* _Action item_:
Below are entries; count the lines containing the string "ezdxf". The answer is that number alone.

═════ The records

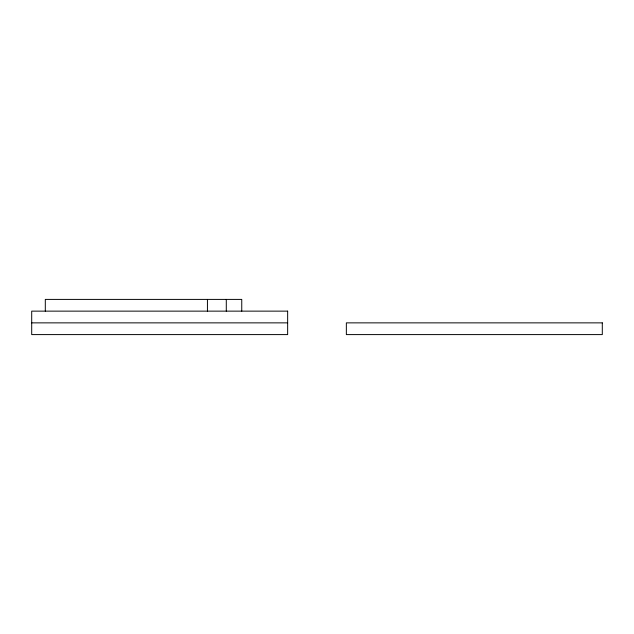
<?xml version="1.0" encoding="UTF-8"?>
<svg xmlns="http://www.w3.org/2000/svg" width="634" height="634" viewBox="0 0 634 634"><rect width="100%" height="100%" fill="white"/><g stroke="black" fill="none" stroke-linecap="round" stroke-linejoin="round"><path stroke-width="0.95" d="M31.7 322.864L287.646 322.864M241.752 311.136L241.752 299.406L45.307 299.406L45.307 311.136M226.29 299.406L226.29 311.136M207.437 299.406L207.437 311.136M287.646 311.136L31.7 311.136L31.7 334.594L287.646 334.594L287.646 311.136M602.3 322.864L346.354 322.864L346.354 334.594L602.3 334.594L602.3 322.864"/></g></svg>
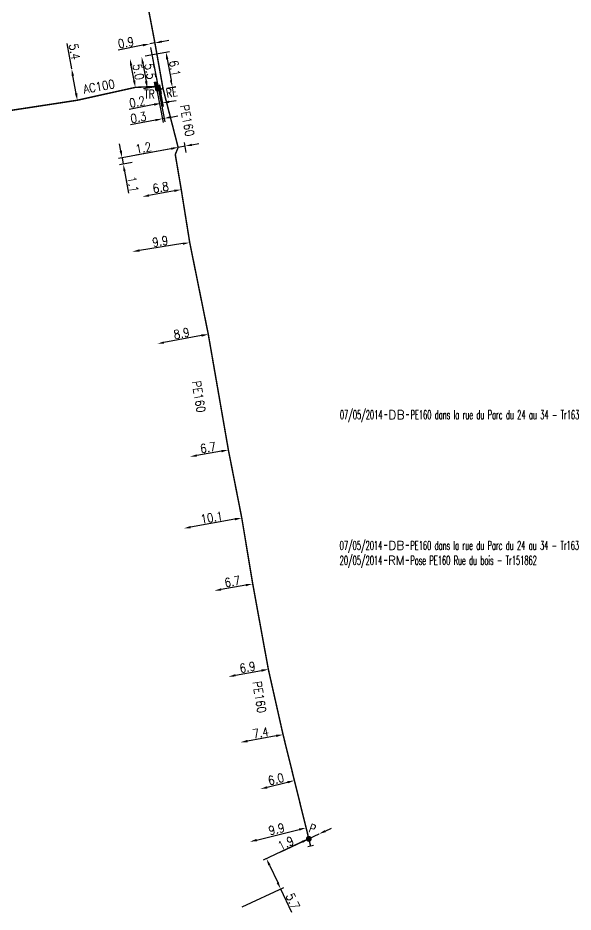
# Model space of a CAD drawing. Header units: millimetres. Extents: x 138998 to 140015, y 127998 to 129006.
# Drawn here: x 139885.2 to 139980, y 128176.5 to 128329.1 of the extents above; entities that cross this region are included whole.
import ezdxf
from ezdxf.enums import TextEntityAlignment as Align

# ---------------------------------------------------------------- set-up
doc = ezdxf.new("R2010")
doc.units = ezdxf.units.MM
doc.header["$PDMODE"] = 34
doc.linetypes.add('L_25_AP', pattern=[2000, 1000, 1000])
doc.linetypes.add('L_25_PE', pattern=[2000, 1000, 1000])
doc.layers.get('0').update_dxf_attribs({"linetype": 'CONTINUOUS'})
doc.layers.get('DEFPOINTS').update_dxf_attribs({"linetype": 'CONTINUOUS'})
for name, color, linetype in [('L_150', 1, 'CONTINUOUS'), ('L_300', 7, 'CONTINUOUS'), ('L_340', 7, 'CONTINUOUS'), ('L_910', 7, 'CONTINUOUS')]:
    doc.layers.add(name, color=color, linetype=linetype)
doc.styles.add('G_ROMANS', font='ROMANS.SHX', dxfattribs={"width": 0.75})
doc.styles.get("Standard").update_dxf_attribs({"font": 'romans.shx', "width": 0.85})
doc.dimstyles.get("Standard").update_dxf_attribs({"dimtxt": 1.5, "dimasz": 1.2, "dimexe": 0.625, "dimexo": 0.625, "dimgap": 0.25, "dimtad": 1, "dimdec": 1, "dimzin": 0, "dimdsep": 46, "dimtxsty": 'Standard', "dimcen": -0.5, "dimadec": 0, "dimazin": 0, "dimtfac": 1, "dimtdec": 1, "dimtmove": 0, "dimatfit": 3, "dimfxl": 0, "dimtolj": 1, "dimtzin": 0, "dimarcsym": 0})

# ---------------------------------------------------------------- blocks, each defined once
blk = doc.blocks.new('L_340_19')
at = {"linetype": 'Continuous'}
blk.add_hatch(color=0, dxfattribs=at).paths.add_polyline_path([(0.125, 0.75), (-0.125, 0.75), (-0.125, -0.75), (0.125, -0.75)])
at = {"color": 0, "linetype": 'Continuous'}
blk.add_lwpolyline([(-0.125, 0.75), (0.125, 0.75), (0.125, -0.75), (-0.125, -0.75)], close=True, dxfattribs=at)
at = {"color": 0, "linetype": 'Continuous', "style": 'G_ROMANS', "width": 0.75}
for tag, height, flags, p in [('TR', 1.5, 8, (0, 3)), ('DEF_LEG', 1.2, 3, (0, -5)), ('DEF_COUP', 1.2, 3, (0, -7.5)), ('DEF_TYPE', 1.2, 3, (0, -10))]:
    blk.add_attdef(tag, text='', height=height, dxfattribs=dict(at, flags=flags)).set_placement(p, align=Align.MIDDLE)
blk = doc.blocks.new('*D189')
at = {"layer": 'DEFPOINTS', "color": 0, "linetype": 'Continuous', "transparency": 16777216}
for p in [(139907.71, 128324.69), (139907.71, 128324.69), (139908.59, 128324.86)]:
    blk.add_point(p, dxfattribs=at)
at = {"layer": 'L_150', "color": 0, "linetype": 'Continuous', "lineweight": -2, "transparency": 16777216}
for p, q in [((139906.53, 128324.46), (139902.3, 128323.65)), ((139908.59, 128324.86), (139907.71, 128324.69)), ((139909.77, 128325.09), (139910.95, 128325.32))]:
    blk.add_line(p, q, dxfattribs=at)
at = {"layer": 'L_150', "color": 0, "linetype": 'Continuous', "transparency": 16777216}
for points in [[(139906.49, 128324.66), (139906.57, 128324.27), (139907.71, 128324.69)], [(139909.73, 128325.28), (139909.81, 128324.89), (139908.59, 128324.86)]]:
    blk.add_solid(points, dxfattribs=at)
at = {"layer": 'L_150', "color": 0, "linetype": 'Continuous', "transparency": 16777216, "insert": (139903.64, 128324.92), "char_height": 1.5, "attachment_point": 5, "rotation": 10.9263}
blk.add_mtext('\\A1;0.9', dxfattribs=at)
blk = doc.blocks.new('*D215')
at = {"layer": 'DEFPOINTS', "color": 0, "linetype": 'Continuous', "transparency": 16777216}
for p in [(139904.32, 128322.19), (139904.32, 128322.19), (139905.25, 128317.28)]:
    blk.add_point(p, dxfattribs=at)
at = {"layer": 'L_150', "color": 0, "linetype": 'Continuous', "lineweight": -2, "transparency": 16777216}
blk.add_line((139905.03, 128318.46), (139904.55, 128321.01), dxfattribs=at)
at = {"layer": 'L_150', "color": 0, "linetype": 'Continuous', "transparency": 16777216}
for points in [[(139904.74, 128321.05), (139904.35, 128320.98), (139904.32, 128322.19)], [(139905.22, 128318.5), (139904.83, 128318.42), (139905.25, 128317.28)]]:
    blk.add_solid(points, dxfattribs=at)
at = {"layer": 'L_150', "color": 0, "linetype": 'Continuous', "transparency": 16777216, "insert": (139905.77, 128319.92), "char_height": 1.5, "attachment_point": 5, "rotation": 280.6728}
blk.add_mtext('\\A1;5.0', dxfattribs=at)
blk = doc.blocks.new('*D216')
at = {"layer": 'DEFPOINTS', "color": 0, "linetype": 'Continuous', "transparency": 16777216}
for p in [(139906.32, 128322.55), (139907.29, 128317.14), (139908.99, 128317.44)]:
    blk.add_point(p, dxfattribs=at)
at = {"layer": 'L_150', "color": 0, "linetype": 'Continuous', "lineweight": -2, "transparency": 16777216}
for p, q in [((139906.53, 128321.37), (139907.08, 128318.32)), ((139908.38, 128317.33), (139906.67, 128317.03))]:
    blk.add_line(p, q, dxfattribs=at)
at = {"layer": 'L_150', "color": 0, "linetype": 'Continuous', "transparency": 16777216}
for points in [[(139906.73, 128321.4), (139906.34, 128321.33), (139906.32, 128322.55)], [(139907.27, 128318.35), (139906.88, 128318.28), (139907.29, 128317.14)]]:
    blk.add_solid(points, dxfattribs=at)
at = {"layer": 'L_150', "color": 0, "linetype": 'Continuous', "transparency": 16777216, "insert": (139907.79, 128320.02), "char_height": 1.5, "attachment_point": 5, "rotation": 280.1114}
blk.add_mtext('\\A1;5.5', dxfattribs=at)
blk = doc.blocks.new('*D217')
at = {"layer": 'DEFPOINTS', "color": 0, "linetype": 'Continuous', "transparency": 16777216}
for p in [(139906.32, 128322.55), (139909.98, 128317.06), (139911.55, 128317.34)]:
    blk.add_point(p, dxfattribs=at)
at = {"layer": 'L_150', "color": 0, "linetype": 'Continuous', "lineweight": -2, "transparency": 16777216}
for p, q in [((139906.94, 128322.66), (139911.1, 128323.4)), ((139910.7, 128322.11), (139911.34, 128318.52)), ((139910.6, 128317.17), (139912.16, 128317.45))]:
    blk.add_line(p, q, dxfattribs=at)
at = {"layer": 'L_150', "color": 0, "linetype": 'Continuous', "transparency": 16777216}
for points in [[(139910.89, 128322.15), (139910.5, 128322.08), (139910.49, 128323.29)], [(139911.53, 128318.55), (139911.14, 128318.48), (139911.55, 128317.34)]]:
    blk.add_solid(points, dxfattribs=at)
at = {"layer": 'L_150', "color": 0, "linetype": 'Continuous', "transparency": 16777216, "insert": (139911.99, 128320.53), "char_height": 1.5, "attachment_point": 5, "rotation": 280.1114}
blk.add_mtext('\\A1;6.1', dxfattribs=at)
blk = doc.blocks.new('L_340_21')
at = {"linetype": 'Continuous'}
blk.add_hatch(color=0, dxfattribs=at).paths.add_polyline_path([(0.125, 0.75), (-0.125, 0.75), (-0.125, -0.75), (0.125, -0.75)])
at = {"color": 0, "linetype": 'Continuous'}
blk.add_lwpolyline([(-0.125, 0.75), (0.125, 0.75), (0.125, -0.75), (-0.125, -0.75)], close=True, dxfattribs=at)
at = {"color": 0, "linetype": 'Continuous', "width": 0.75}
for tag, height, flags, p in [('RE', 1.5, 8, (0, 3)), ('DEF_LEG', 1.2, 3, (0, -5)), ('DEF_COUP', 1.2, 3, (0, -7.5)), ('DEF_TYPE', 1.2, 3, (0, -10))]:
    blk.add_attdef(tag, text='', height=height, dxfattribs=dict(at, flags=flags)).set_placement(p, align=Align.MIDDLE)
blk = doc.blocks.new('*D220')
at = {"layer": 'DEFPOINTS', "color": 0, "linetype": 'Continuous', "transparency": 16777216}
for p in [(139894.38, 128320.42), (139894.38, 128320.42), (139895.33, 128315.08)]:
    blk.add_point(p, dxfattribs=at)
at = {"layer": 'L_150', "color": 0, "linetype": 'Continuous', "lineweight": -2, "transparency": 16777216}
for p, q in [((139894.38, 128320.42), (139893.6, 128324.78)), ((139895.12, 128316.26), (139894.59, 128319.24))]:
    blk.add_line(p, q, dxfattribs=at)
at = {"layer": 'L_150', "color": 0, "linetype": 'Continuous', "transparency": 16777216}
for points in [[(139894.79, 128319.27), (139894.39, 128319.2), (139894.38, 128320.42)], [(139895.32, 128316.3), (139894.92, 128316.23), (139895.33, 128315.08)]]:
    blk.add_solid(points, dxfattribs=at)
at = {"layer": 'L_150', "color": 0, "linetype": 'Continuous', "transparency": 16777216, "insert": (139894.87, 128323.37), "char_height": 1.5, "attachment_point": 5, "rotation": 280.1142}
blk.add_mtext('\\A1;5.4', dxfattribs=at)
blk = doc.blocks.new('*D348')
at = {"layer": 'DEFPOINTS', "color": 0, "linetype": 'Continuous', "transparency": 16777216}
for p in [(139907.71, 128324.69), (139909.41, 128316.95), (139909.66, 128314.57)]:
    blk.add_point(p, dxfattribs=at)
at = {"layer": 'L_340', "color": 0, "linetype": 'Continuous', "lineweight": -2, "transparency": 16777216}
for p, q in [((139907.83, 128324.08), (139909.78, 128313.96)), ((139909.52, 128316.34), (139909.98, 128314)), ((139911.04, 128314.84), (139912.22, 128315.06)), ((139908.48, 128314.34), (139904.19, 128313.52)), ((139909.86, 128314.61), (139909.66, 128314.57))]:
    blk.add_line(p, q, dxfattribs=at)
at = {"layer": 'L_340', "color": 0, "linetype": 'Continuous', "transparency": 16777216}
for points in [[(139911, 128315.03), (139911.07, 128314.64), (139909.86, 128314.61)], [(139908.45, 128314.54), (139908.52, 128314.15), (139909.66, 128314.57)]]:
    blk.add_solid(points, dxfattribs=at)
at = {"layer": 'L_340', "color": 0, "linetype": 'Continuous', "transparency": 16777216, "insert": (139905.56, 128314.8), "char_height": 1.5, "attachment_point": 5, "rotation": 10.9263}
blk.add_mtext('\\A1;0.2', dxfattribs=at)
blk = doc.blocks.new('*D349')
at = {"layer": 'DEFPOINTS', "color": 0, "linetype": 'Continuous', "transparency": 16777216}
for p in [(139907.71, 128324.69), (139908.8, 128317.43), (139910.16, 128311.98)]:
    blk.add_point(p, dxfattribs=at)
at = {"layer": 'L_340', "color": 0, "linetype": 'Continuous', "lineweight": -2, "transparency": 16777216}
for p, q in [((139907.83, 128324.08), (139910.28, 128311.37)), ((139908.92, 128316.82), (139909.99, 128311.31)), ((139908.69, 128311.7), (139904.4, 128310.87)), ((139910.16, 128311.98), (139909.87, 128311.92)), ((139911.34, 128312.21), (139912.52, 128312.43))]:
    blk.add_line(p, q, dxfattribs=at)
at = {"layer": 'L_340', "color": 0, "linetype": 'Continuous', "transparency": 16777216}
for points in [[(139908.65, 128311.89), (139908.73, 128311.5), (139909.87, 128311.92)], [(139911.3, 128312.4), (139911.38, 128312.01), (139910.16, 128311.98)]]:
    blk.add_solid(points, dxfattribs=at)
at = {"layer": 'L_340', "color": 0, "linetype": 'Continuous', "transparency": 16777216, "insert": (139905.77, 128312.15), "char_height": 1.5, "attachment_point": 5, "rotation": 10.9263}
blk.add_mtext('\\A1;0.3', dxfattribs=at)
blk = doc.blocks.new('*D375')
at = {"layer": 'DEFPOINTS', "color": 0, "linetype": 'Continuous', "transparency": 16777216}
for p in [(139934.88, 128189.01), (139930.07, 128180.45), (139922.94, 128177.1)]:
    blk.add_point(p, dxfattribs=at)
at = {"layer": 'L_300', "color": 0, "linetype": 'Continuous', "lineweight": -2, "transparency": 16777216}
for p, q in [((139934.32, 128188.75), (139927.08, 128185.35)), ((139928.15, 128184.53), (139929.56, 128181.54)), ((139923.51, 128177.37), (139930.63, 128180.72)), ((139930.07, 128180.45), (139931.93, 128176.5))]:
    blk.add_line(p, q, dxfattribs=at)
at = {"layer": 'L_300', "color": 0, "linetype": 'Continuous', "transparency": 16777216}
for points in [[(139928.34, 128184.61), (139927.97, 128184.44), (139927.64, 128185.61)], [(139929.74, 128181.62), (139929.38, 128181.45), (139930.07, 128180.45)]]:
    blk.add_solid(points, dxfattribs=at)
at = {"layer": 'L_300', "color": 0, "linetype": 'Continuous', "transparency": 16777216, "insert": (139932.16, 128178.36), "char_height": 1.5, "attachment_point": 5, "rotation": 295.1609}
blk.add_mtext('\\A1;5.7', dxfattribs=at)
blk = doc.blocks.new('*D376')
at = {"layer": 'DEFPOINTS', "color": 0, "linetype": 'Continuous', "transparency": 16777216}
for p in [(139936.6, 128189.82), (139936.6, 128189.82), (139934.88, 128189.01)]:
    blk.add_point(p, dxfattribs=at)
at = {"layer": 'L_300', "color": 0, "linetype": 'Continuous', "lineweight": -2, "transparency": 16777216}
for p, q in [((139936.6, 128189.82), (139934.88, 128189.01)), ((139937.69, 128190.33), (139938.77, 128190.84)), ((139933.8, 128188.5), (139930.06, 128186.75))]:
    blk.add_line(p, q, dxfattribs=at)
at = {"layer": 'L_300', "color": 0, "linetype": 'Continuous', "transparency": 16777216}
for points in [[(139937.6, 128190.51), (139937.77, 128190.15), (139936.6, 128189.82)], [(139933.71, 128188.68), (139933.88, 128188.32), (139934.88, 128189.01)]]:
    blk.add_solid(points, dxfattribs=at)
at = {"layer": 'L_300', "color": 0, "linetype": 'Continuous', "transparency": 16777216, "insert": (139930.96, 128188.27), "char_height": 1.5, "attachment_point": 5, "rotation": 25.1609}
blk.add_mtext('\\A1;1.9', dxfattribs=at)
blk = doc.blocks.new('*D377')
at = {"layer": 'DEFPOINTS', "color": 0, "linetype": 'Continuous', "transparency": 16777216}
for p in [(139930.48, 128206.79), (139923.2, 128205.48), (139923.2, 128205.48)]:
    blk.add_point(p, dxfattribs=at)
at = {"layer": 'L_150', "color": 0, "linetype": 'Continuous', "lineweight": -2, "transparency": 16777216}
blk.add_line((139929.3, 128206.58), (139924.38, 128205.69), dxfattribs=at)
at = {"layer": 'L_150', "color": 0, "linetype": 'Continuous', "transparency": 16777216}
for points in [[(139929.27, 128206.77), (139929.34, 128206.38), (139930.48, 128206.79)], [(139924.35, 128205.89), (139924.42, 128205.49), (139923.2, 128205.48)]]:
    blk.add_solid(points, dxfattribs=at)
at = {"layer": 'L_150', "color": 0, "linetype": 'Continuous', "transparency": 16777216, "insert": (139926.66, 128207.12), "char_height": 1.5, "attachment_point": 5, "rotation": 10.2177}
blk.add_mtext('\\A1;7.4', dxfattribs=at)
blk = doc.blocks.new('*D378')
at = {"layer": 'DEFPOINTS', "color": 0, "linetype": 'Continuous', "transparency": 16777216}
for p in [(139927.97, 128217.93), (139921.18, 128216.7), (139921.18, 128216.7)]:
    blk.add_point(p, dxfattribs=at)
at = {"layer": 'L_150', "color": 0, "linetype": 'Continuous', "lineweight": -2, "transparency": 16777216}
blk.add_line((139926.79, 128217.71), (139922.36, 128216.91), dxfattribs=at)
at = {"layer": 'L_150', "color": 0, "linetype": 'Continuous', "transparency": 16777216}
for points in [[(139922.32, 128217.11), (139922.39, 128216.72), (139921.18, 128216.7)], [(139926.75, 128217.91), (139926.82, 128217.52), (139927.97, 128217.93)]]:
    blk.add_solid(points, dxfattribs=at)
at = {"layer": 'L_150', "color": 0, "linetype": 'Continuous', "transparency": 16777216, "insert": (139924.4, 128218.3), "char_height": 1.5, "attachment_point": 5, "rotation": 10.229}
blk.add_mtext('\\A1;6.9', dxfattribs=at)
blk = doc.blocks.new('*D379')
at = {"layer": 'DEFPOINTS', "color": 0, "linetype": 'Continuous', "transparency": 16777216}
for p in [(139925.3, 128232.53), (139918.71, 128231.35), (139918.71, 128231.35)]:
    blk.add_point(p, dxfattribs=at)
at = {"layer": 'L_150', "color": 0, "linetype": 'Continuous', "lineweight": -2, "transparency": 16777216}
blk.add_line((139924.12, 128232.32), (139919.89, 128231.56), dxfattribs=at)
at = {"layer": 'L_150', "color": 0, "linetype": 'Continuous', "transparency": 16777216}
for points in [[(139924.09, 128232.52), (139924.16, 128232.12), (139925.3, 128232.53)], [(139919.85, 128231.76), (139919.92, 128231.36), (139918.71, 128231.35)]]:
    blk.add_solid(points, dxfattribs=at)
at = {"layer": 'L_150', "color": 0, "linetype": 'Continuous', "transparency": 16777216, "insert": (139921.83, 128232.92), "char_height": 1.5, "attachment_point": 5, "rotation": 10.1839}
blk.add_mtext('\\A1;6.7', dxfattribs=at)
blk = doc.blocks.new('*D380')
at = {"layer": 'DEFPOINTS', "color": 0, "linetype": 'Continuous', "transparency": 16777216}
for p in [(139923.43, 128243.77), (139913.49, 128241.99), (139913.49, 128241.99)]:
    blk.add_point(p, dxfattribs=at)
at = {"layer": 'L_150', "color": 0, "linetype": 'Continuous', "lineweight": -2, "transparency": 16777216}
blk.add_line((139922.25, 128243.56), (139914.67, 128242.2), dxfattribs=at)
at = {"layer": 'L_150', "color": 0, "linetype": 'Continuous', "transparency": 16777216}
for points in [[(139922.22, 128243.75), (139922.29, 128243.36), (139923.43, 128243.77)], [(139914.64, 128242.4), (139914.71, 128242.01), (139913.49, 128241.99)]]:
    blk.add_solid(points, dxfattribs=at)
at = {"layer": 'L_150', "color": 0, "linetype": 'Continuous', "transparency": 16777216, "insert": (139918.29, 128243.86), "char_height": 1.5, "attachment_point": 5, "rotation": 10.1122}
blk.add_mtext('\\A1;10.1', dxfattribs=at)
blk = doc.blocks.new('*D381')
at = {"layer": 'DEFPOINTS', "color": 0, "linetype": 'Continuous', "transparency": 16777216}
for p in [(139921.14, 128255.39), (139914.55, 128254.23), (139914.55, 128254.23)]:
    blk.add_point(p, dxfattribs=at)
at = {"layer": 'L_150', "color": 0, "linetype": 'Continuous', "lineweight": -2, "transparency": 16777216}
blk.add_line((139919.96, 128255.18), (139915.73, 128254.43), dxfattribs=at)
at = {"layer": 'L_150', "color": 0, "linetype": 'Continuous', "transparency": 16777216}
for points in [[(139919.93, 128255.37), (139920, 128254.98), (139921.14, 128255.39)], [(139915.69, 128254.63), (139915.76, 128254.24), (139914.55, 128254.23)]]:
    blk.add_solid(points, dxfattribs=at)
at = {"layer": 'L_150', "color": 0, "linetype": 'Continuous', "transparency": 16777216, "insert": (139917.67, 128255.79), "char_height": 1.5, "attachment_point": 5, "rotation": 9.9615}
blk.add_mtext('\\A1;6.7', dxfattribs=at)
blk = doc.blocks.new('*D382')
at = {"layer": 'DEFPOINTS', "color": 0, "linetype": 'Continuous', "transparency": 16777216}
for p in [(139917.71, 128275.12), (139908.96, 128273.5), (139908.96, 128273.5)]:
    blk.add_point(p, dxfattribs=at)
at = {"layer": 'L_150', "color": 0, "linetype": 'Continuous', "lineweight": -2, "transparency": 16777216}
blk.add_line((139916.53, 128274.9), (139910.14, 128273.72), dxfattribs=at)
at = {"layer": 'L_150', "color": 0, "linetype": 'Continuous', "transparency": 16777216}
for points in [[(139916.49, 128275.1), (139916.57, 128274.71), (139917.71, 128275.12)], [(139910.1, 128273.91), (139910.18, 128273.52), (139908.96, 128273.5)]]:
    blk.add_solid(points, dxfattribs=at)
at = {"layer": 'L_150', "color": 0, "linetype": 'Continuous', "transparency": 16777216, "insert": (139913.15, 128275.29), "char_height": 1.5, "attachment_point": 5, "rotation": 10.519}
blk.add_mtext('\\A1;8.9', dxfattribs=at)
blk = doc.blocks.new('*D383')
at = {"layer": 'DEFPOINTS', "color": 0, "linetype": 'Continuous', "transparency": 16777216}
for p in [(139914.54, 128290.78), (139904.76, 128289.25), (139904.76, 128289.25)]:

══════════

* _Result for this exercise_:
4